▶ Task prompt
Only one span of the listing below should come back. It runs from the line with "with Set Screw.ipt" through the line with "- Insert:6: NSpacer", and each of its lines must be reproduced exactly.

▶ Data excerpts
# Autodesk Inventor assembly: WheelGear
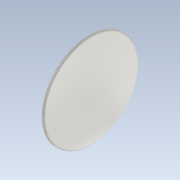
[picture p0: Inventor's stored thumbnail of the model, 180x180]
Saved by Autodesk Inventor 2021 (Build 250183000, 183)
## iProperties
Created: 2021-08-29
Part Number: WheelGear
Document SubType Name: Assembly
Designer: digge
Author: digge
## Documents named in this file (2)
- C:\Users\digge\Documents\Inventor\Projects\FerrisWheel\WheelGear.iam
- C:\Users\digge\Documents\Inventor\Projects\FerrisWheel\WheelGear\Design Accelerator\Spur Gears1.iam
## Components (1 placed, 1 different names)
1. Spur Gears:1 [sub-assembly]
## Named parameters: ScrewWidth = 3 mm
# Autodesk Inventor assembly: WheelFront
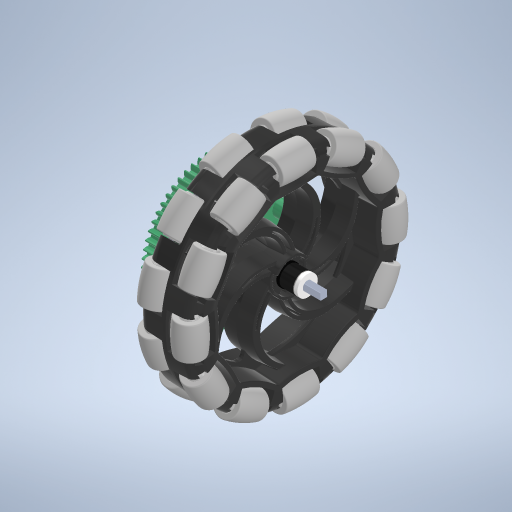
[picture p0: Inventor's stored thumbnail of the model, 512x512]
Saved by Autodesk Inventor 2023 (Build 270158000, 158)
## iProperties
Created: 2022-08-31
Part Number: WheelFront
Document SubType Name: Assembly
Designer: alex
Author: alex
## Documents named in this file (13)
- C:\Users\alex\Documents\GitHub\4067X_spin_up_cad\Chassis\WheelFront.iam
- C:\Users\alex\Documents\GitHub\4067X_spin_up_cad\Library\Motion\Wheels\Omnis\4 Omni, Square.ipt
- C:\Users\alex\Documents\GitHub\4067X_spin_up_cad\Library\Motion\Spacers\Spacer Nylon .375 OD.ipt
- C:\Users\alex\Documents\GitHub\4067X_spin_up_cad\Library\Motion\Spacers\Spacer Nylon .375 OD\NSpacer .375 OD x .125.ipt
- C:\Users\alex\Documents\GitHub\4067X_spin_up_cad\Library\Motion\Gears\HS 60T Gear, Square.ipt
- C:\Users\alex\Documents\GitHub\4067X_spin_up_cad\Library\Motion\Shaft Collar with Set Screw.ipt
- C:\Users\alex\Documents\GitHub\4067X_spin_up_cad\Library\Motion\Spacers\Washer Teflon\TWasher .375 OD x .06250.ipt
- C:\Users\alex\Documents\GitHub\4067X_spin_up_cad\Library\Motion\Spacers\Washer Teflon.ipt
- C:\Users\alex\Documents\GitHub\4067X_spin_up_cad\Library\Motion\Spacers\Spacer Nylon .375 OD\NSpacer .375 OD x .250.ipt
- C:\Users\alex\Documents\GitHub\4067X_spin_up_cad\Library\Motion\Spacers\Washer Steel\SWasher .375 OD x .015625.ipt
- C:\Users\alex\Documents\GitHub\4067X_spin_up_cad\Library\Motion\Spacers\Washer Steel.ipt
- C:\Users\alex\Documents\GitHub\4067X_spin_up_cad\Library\Motion\Shaft LS\Shaft LS 2.5 in.ipt
- C:\Users\alex\Documents\GitHub\4067X_spin_up_cad\Library\Motion\Shaft LS.ipt
## Components (9 placed, 8 different names)
1. NSpacer .375 OD x .125:1 — Insert:1, Flush:2
2. HS 60T Gear, Square:1 — Insert:1, Insert:2, Flush:1, Mate:1, Mate:2
3. 4 Omni, Square:1 — Insert:4, Insert:5, Flush:1
4. Shaft Collar with Set Screw:1 — Insert:2, Insert:3
5. TWasher .375 OD x .06250:1 — Insert:3, Insert:4
6. NSpacer .375 OD x .250:2 — Insert:5, Insert:6
7. TWasher .375 OD x .06250:2 — Insert:7
8. SWasher .375 OD x .015625:1 — Insert:6, Insert:7
9. Shaft LS 2.5 in:1 — Mate:1, Mate:2, Flush:2
## Relationships (11: Insert 7, Flush 2, Mate 2)
- Insert:1: NSpacer .375 OD x .125:1 ↔ HS 60T Gear, Square:1
- Insert:2: HS 60T Gear, Square:1 ↔ Shaft Collar with Set Screw:1
- Insert:3: Shaft Collar with Set Screw:1 ↔ TWasher .375 OD x .06250:1
- Insert:4: 4 Omni, Square:1 ↔ TWasher .375 OD x .06250:1
- Insert:5: 4 Omni, Square:1 ↔ NSpacer .375 OD x .250:2
- Insert:6: NSpacer .375 OD x .250:2 ↔ SWasher .375 OD x .015625:1
- Insert:7: TWasher .375 OD x .06250:2 ↔ SWasher .375 OD x .015625:1
- Flush:1: HS 60T Gear, Square:1 ↔ 4 Omni, Square:1
- Mate:1: HS 60T Gear, Square:1 ↔ Shaft LS 2.5 in:1
- Mate:2: HS 60T Gear, Square:1 ↔ Shaft LS 2.5 in:1
- Flush:2 (7.62 mm): NSpacer .375 OD x .125:1 ↔ Shaft LS 2.5 in:1

▶ Result of the task
- C:\Users\alex\Documents\GitHub\4067X_spin_up_cad\Library\Motion\Shaft Collar with Set Screw.ipt
- C:\Users\alex\Documents\GitHub\4067X_spin_up_cad\Library\Motion\Spacers\Washer Teflon\TWasher .375 OD x .06250.ipt
- C:\Users\alex\Documents\GitHub\4067X_spin_up_cad\Library\Motion\Spacers\Washer Teflon.ipt
- C:\Users\alex\Documents\GitHub\4067X_spin_up_cad\Library\Motion\Spacers\Spacer Nylon .375 OD\NSpacer .375 OD x .250.ipt
- C:\Users\alex\Documents\GitHub\4067X_spin_up_cad\Library\Motion\Spacers\Washer Steel\SWasher .375 OD x .015625.ipt
- C:\Users\alex\Documents\GitHub\4067X_spin_up_cad\Library\Motion\Spacers\Washer Steel.ipt
- C:\Users\alex\Documents\GitHub\4067X_spin_up_cad\Library\Motion\Shaft LS\Shaft LS 2.5 in.ipt
- C:\Users\alex\Documents\GitHub\4067X_spin_up_cad\Library\Motion\Shaft LS.ipt
## Components (9 placed, 8 different names)
1. NSpacer .375 OD x .125:1 — Insert:1, Flush:2
2. HS 60T Gear, Square:1 — Insert:1, Insert:2, Flush:1, Mate:1, Mate:2
3. 4 Omni, Square:1 — Insert:4, Insert:5, Flush:1
4. Shaft Collar with Set Screw:1 — Insert:2, Insert:3
5. TWasher .375 OD x .06250:1 — Insert:3, Insert:4
6. NSpacer .375 OD x .250:2 — Insert:5, Insert:6
7. TWasher .375 OD x .06250:2 — Insert:7
8. SWasher .375 OD x .015625:1 — Insert:6, Insert:7
9. Shaft LS 2.5 in:1 — Mate:1, Mate:2, Flush:2
## Relationships (11: Insert 7, Flush 2, Mate 2)
- Insert:1: NSpacer .375 OD x .125:1 ↔ HS 60T Gear, Square:1
- Insert:2: HS 60T Gear, Square:1 ↔ Shaft Collar with Set Screw:1
- Insert:3: Shaft Collar with Set Screw:1 ↔ TWasher .375 OD x .06250:1
- Insert:4: 4 Omni, Square:1 ↔ TWasher .375 OD x .06250:1
- Insert:5: 4 Omni, Square:1 ↔ NSpacer .375 OD x .250:2
- Insert:6: NSpacer .375 OD x .250:2 ↔ SWasher .375 OD x .015625:1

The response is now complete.